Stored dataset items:
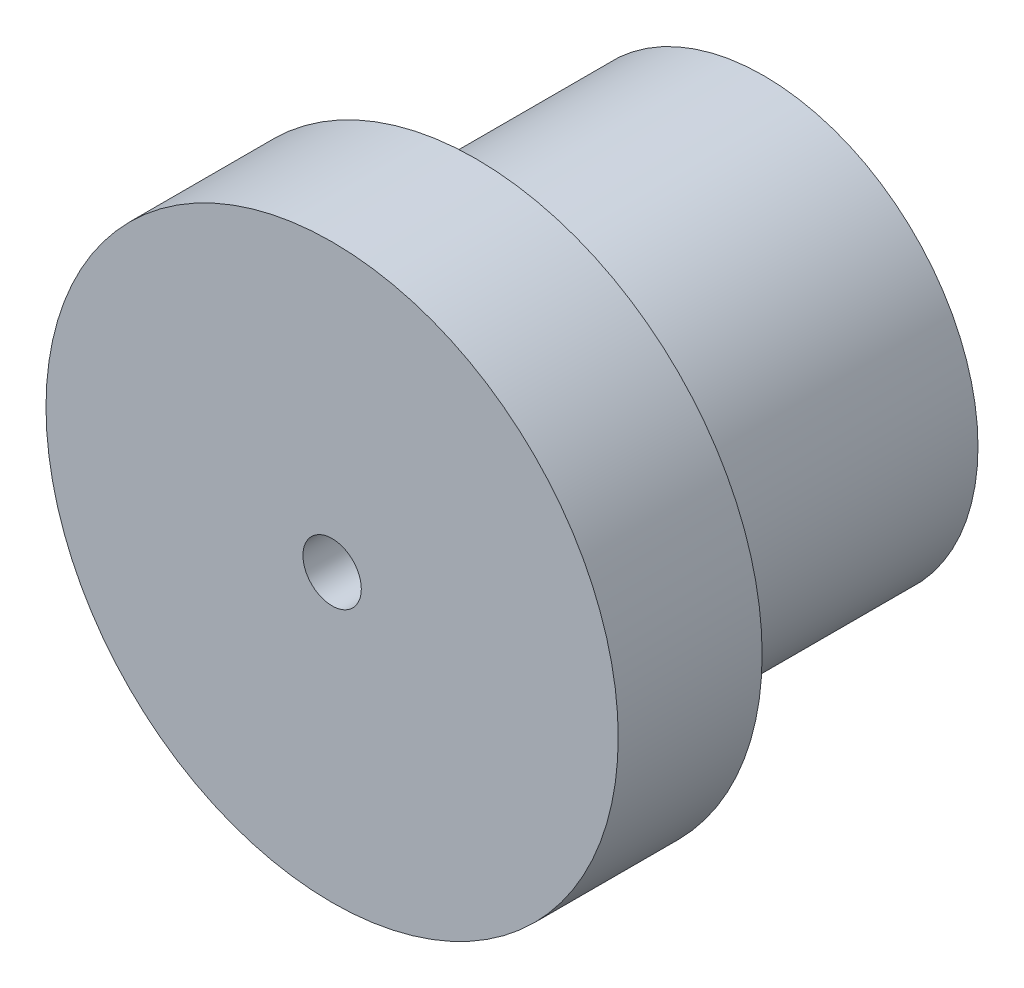
ISO-10303-21;
HEADER;
FILE_DESCRIPTION(('STEP AP214'),'2;1');
FILE_NAME('part.step','',(''),(''),'','','');
FILE_SCHEMA(('AUTOMOTIVE_DESIGN { 1 0 10303 214 1 1 1 1 }'));
ENDSEC;
DATA;
#1=APPLICATION_CONTEXT('core data for automotive mechanical design processes');
#2=APPLICATION_PROTOCOL_DEFINITION('international standard','automotive_design',2000,#1);
#3=PRODUCT_CONTEXT('',#1,'mechanical');
#4=PRODUCT('Part','Part','',(#3));
#5=PRODUCT_RELATED_PRODUCT_CATEGORY('part','',(#4));
#6=PRODUCT_DEFINITION_FORMATION('','',#4);
#7=PRODUCT_DEFINITION_CONTEXT('part definition',#1,'design');
#8=PRODUCT_DEFINITION('design','',#6,#7);
#9=PRODUCT_DEFINITION_SHAPE('','',#8);
#10=(LENGTH_UNIT() NAMED_UNIT(*) SI_UNIT(.MILLI.,.METRE.));
#11=(NAMED_UNIT(*) PLANE_ANGLE_UNIT() SI_UNIT($,.RADIAN.));
#12=(NAMED_UNIT(*) SI_UNIT($,.STERADIAN.) SOLID_ANGLE_UNIT());
#13=UNCERTAINTY_MEASURE_WITH_UNIT(LENGTH_MEASURE(1.E-05),#10,'distance_accuracy_value','');
#14=(GEOMETRIC_REPRESENTATION_CONTEXT(3) GLOBAL_UNCERTAINTY_ASSIGNED_CONTEXT((#13)) GLOBAL_UNIT_ASSIGNED_CONTEXT((#10,
#11,#12)) REPRESENTATION_CONTEXT('',''));
#15=CARTESIAN_POINT('',(0.,0.,0.));
#16=DIRECTION('',(0.,0.,1.));
#17=DIRECTION('',(1.,0.,0.));
#18=AXIS2_PLACEMENT_3D('',#15,#16,#17);
#19=CARTESIAN_POINT('',(-2.24,1.27004921164497,-20.));
#20=DIRECTION('',(0.,1.,0.));
#21=DIRECTION('',(0.,0.,1.));
#22=AXIS2_PLACEMENT_3D('',#19,#20,#21);
#23=PLANE('',#22);
#24=DIRECTION('',(1.,0.,0.));
#25=VECTOR('',#24,1.);
#26=CARTESIAN_POINT('',(-2.24,1.27004921164497,-5.));
#27=LINE('',#26,#25);
#28=CARTESIAN_POINT('',(-2.24,1.27004921164497,-5.));
#29=VERTEX_POINT('',#28);
#30=CARTESIAN_POINT('',(2.24,1.27004921164497,-5.));
#31=VERTEX_POINT('',#30);
#32=EDGE_CURVE('E11',#29,#31,#27,.T.);
#33=ORIENTED_EDGE('',*,*,#32,.F.);
#34=DIRECTION('',(0.,0.,1.));
#35=VECTOR('',#34,1.);
#36=CARTESIAN_POINT('',(-2.24,1.27004921164497,-20.));
#37=LINE('',#36,#35);
#38=CARTESIAN_POINT('',(-2.24,1.27004921164497,-20.));
#39=VERTEX_POINT('',#38);
#40=EDGE_CURVE('E57',#39,#29,#37,.T.);
#41=ORIENTED_EDGE('',*,*,#40,.F.);
#42=DIRECTION('',(-1.,0.,0.));
#43=VECTOR('',#42,1.);
#44=CARTESIAN_POINT('',(-2.24,1.27004921164497,-20.));
#45=LINE('',#44,#43);
#46=CARTESIAN_POINT('',(2.24,1.27004921164497,-20.));
#47=VERTEX_POINT('',#46);
#48=EDGE_CURVE('E72',#47,#39,#45,.T.);
#49=ORIENTED_EDGE('',*,*,#48,.F.);
#50=DIRECTION('',(0.,0.,1.));
#51=VECTOR('',#50,1.);
#52=CARTESIAN_POINT('',(2.24,1.27004921164497,-20.));
#53=LINE('',#52,#51);
#54=EDGE_CURVE('E67',#47,#31,#53,.T.);
#55=ORIENTED_EDGE('',*,*,#54,.T.);
#56=EDGE_LOOP('',(#33,#41,#49,#55));
#57=FACE_BOUND('',#56,.T.);
#58=ADVANCED_FACE('F37',(#57),#23,.F.);
#59=CARTESIAN_POINT('',(0.,0.,-84.1177848998413));
#60=DIRECTION('',(0.,0.,1.));
#61=DIRECTION('',(1.,0.,0.));
#62=AXIS2_PLACEMENT_3D('',#59,#60,#61);
#63=CYLINDRICAL_SURFACE('',#62,25.25);
#64=CARTESIAN_POINT('',(0.,0.,-12.7));
#65=DIRECTION('',(0.,0.,1.));
#66=DIRECTION('',(1.,0.,0.));
#67=AXIS2_PLACEMENT_3D('',#64,#65,#66);
#68=CIRCLE('',#67,25.25);
#69=CARTESIAN_POINT('',(25.25,0.,-12.7));
#70=VERTEX_POINT('',#69);
#71=EDGE_CURVE('E88',#70,#70,#68,.F.);
#72=CARTESIAN_POINT('',(0.,0.,0.));
#73=DIRECTION('',(0.,0.,1.));
#74=DIRECTION('',(1.,0.,0.));
#75=AXIS2_PLACEMENT_3D('',#72,#73,#74);
#76=CIRCLE('',#75,25.25);
#77=CARTESIAN_POINT('',(25.25,0.,0.));
#78=VERTEX_POINT('',#77);
#79=EDGE_CURVE('E91',#78,#78,#76,.T.);
#80=CARTESIAN_POINT('',(25.25,0.,-12.7));
#81=CARTESIAN_POINT('',(25.25,0.,-12.5677083333333));
#82=CARTESIAN_POINT('',(25.25,0.,-12.4354166666667));
#83=CARTESIAN_POINT('',(25.25,0.,-12.1708333333333));
#84=CARTESIAN_POINT('',(25.25,0.,-12.0385416666667));
#85=CARTESIAN_POINT('',(25.25,0.,-11.7739583333333));
#86=CARTESIAN_POINT('',(25.25,0.,-11.6416666666667));
#87=CARTESIAN_POINT('',(25.25,0.,-11.3770833333333));
#88=CARTESIAN_POINT('',(25.25,0.,-11.2447916666667));
#89=CARTESIAN_POINT('',(25.25,0.,-10.9802083333333));
#90=CARTESIAN_POINT('',(25.25,0.,-10.8479166666667));
#91=CARTESIAN_POINT('',(25.25,0.,-10.5833333333333));
#92=CARTESIAN_POINT('',(25.25,0.,-10.4510416666667));
#93=CARTESIAN_POINT('',(25.25,0.,-10.1864583333333));
#94=CARTESIAN_POINT('',(25.25,0.,-10.0541666666667));
#95=CARTESIAN_POINT('',(25.25,0.,-9.78958333333334));
#96=CARTESIAN_POINT('',(25.25,0.,-9.65729166666667));
#97=CARTESIAN_POINT('',(25.25,0.,-9.39270833333334));
#98=CARTESIAN_POINT('',(25.25,0.,-9.26041666666667));
#99=CARTESIAN_POINT('',(25.25,0.,-8.99583333333334));
#100=CARTESIAN_POINT('',(25.25,0.,-8.86354166666667));
#101=CARTESIAN_POINT('',(25.25,0.,-8.59895833333334));
#102=CARTESIAN_POINT('',(25.25,0.,-8.46666666666667));
#103=CARTESIAN_POINT('',(25.25,0.,-8.20208333333334));
#104=CARTESIAN_POINT('',(25.25,0.,-8.06979166666667));
#105=CARTESIAN_POINT('',(25.25,0.,-7.80520833333334));
#106=CARTESIAN_POINT('',(25.25,0.,-7.67291666666667));
#107=CARTESIAN_POINT('',(25.25,0.,-7.40833333333334));
#108=CARTESIAN_POINT('',(25.25,0.,-7.27604166666667));
#109=CARTESIAN_POINT('',(25.25,0.,-7.01145833333334));
#110=CARTESIAN_POINT('',(25.25,0.,-6.87916666666668));
#111=CARTESIAN_POINT('',(25.25,0.,-6.61458333333334));
#112=CARTESIAN_POINT('',(25.25,0.,-6.48229166666668));
#113=CARTESIAN_POINT('',(25.25,0.,-6.21770833333334));
#114=CARTESIAN_POINT('',(25.25,0.,-6.08541666666667));
#115=CARTESIAN_POINT('',(25.25,0.,-5.82083333333334));
#116=CARTESIAN_POINT('',(25.25,0.,-5.68854166666668));
#117=CARTESIAN_POINT('',(25.25,0.,-5.42395833333334));
#118=CARTESIAN_POINT('',(25.25,0.,-5.29166666666668));
#119=CARTESIAN_POINT('',(25.25,0.,-5.02708333333334));
#120=CARTESIAN_POINT('',(25.25,0.,-4.89479166666668));
#121=CARTESIAN_POINT('',(25.25,0.,-4.63020833333335));
#122=CARTESIAN_POINT('',(25.25,0.,-4.49791666666668));
#123=CARTESIAN_POINT('',(25.25,0.,-4.23333333333334));
#124=CARTESIAN_POINT('',(25.25,0.,-4.10104166666668));
#125=CARTESIAN_POINT('',(25.25,0.,-3.83645833333334));
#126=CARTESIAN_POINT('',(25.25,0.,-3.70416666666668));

What to work on: In the entries above, please find the line with "#6=PRODUCT_DEFINITION_FORMATION('','',#4);" and the line with "#40=EDGE_CURVE('E57',#39,#29,#37,.T.);", then write out exactly those two lines and every line between them, and nothing more.

Completed task:
#6=PRODUCT_DEFINITION_FORMATION('','',#4);
#7=PRODUCT_DEFINITION_CONTEXT('part definition',#1,'design');
#8=PRODUCT_DEFINITION('design','',#6,#7);
#9=PRODUCT_DEFINITION_SHAPE('','',#8);
#10=(LENGTH_UNIT() NAMED_UNIT(*) SI_UNIT(.MILLI.,.METRE.));
#11=(NAMED_UNIT(*) PLANE_ANGLE_UNIT() SI_UNIT($,.RADIAN.));
#12=(NAMED_UNIT(*) SI_UNIT($,.STERADIAN.) SOLID_ANGLE_UNIT());
#13=UNCERTAINTY_MEASURE_WITH_UNIT(LENGTH_MEASURE(1.E-05),#10,'distance_accuracy_value','');
#14=(GEOMETRIC_REPRESENTATION_CONTEXT(3) GLOBAL_UNCERTAINTY_ASSIGNED_CONTEXT((#13)) GLOBAL_UNIT_ASSIGNED_CONTEXT((#10,
#11,#12)) REPRESENTATION_CONTEXT('',''));
#15=CARTESIAN_POINT('',(0.,0.,0.));
#16=DIRECTION('',(0.,0.,1.));
#17=DIRECTION('',(1.,0.,0.));
#18=AXIS2_PLACEMENT_3D('',#15,#16,#17);
#19=CARTESIAN_POINT('',(-2.24,1.27004921164497,-20.));
#20=DIRECTION('',(0.,1.,0.));
#21=DIRECTION('',(0.,0.,1.));
#22=AXIS2_PLACEMENT_3D('',#19,#20,#21);
#23=PLANE('',#22);
#24=DIRECTION('',(1.,0.,0.));
#25=VECTOR('',#24,1.);
#26=CARTESIAN_POINT('',(-2.24,1.27004921164497,-5.));
#27=LINE('',#26,#25);
#28=CARTESIAN_POINT('',(-2.24,1.27004921164497,-5.));
#29=VERTEX_POINT('',#28);
#30=CARTESIAN_POINT('',(2.24,1.27004921164497,-5.));
#31=VERTEX_POINT('',#30);
#32=EDGE_CURVE('E11',#29,#31,#27,.T.);
#33=ORIENTED_EDGE('',*,*,#32,.F.);
#34=DIRECTION('',(0.,0.,1.));
#35=VECTOR('',#34,1.);
#36=CARTESIAN_POINT('',(-2.24,1.27004921164497,-20.));
#37=LINE('',#36,#35);
#38=CARTESIAN_POINT('',(-2.24,1.27004921164497,-20.));
#39=VERTEX_POINT('',#38);
#40=EDGE_CURVE('E57',#39,#29,#37,.T.);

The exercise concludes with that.